Question

For this discussion item, please watch the following talk and summarize what you found to be the most important or interesting points. The first half will cover some of the mathematical techniques covered in this unit’s reading and the second half some of the data management challenges in an industrial-scale recommendation system.

Music Recommendations at Scale with Spark - Christopher Johnson (Spotify)
Duration: 26:29
User: n/a - Added: 7/17/14
YouTube URL: http://www.youtube.com/watch?v=3LBgiFch4_g

Answer

The Spark Summit 2014 talk mainly focused on Spotify’s recommender system and I would like to cover some important or interest points from it. A good recommender system is to provide users with recommendations that are attractive and interesting to them. Spotify collects users’ song history, playlists, favorites/likes, purchase history, and other information. They then analyzes all the information collected in the database to form a recommender system with recommendations that match with each individual user’s interests. Spotify has four categories of recommendations from its millions of songs: personalized recommendations, radio songs, related artist songs, and songs that are now playing.

Spotify recommender system mainly adopts implicit matrix factorization method. Unlike the explicit matrix factorization method which relies on users’ explicit movie ratings from one star to five stars, Spotify implicitly uses users’ listening history to infer what songs they like.
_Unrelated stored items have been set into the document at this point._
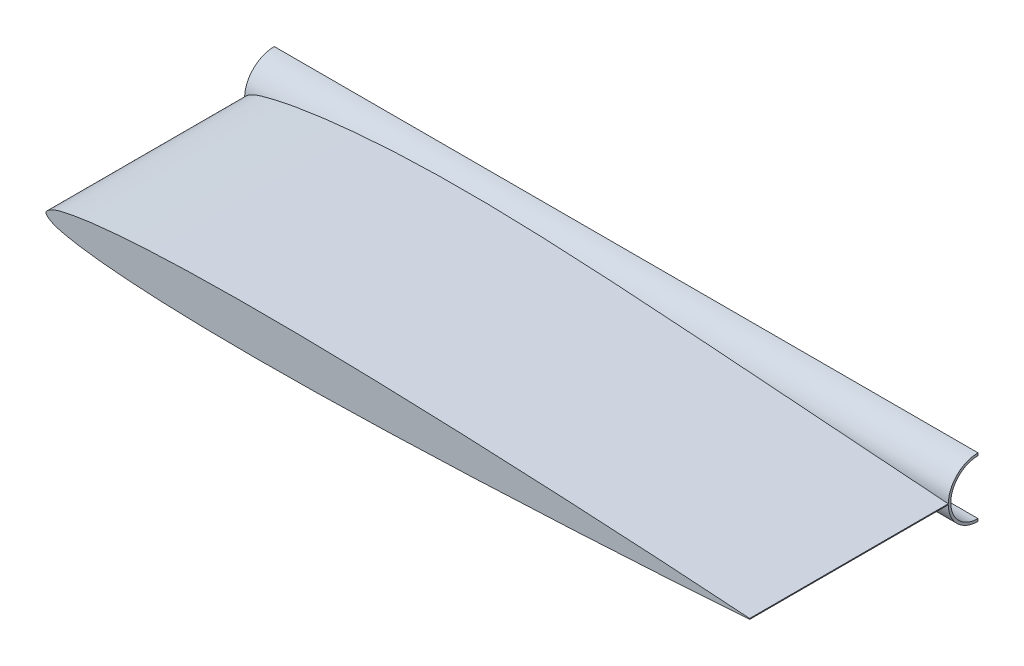
from build123d import *

# Parameters (mm, degrees)
BOSS_EXTRUDE1_DEPTH     = 185.42
BOSS_EXTRUDE2_DEPTH     = 571.5
CUT_EXTRUDE1_DEPTH      = 602.31113698
CUT_EXTRUDE1_DEPTH_BACK = 602.31113698


with BuildPart() as part:
    # Sketch1 → Boss-Extrude1 (new body)
    with BuildSketch(Plane.XY):
        with BuildLine():
            Line((571.5, 0.360045), (571.5, -0.360045))
            add(Edge.make_bspline(
                [(571.5, 0.360045), (561.975510313, 1.015387176), (542.928912588, 2.325907658), (504.832156781, 4.763026707), (457.21071903, 7.562220815), (400.059564076, 10.533161685), (342.90993238, 13.12154544), (285.759759849, 15.228011136), (228.608301613, 16.730224822), (180.976079252, 17.25488768), (142.872056015, 17.047281355), (114.293689392, 16.483213625), (85.700399103, 15.396241687), (61.902376846, 13.885403828), (42.809940554, 12.056855338), (28.619749674, 10.332819707), (16.251608431, 7.958404715), (7.184909393, 5.858143046), (-3.927293718, 0), (7.184909393, -5.858143046), (16.251608431, -7.958404715), (28.619749674, -10.332819707), (42.809940554, -12.056855338), (61.902376846, -13.885403828), (85.700399103, -15.396241687), (114.293689392, -16.483213625), (142.872056015, -17.047281355), (180.976079252, -17.25488768), (228.608301613, -16.730224822), (285.759759849, -15.228011136), (342.90993238, -13.12154544), (400.059564076, -10.533161686), (457.21071903, -7.562220816), (504.832156781, -4.763026707), (542.928912588, -2.325907658), (561.975510313, -1.015387177), (571.5, -0.360045)],
                knots=[0, 0, 0, 0, 0.024924558, 0.049842883, 0.099663048, 0.149464506, 0.199249099, 0.24901648, 0.298766909, 0.348503609, 0.373371188, 0.398243493, 0.423129723, 0.448051613, 0.460542817, 0.473079728, 0.485731111, 0.492200581, 0.5, 0.507799419, 0.514268889, 0.526920272, 0.539457183, 0.551948387, 0.576870277, 0.601756507, 0.626628812, 0.651496391, 0.701233091, 0.75098352, 0.800750901, 0.850535494, 0.900336952, 0.950157117, 0.975075442, 1, 1, 1, 1], degree=3))
        make_face()
    extrude(amount=BOSS_EXTRUDE1_DEPTH)

    # Sketch2 → Boss-Extrude2 (add)
    with BuildSketch(Plane(origin=(571.5, 0, 0), x_dir=(0, 0, -1), z_dir=(1, 0, 0))):
        with BuildLine():
            Line((0, -24.13), (0, 24.13))
            ThreePointArc((0, 24.13), (-24.13, 0), (0, -24.13))
        make_face()
    extrude(amount=-BOSS_EXTRUDE2_DEPTH)

    # Sketch3 → Cut-Extrude1 (cut, two sides: drawn at the far end of the back side and taken through both)
    with BuildSketch(Plane.ZY.offset(-CUT_EXTRUDE1_DEPTH_BACK)):
        with BuildLine():
            Line((0, 22.098), (0, -22.098))
            ThreePointArc((0, -22.098), (22.098, 0), (0, 22.098))
        make_face()
    extrude(amount=CUT_EXTRUDE1_DEPTH + CUT_EXTRUDE1_DEPTH_BACK, mode=Mode.SUBTRACT)


solid = part.part

They use binary tags of 1 or 0 to indicate whether the user has streamed the song at least once or never streamed the song. Then, the total number of streams is used as the weights to minimize the weighted root mean square error (RMSE).

Spotify applies the alternating least squares (ALS) to their recommender system. ALS algorithm factorizes the given matrix (database) into two factor matrices so that the product of the two factor matrices is approximately equal to the original matrix. In order to find the two factor matrices, the system alternates back and forth between them and solves the least square regression.

Another interesting thing is that Spotify first used Hadoop to generate its recommender system, but switched to Spark in 2014. The difficulty of using Hadoop is that when the database becomes huge, Hadoop cannot be executed smoothly and takes up too much memory. Spark is faster and consumes less memory by loading the rating matrix into cache memory (RAM). It uses a method called full gridify. Full gridify decomposes a huge matrix into many small blocks, loads them into memory, caches them, and joins related matrices for processing and solving.

In the video, the presenter also mentioned a method called half gridify, which works faster than full gridify. However, if the dimension of the original matrix (the database) is too large, half gridify may break. As a result, Spotify’s recommender system eventually uses the full gridify approach, which takes about 3.5hrs processing time and is much faster than that of using Hadoop, which is 10hrs.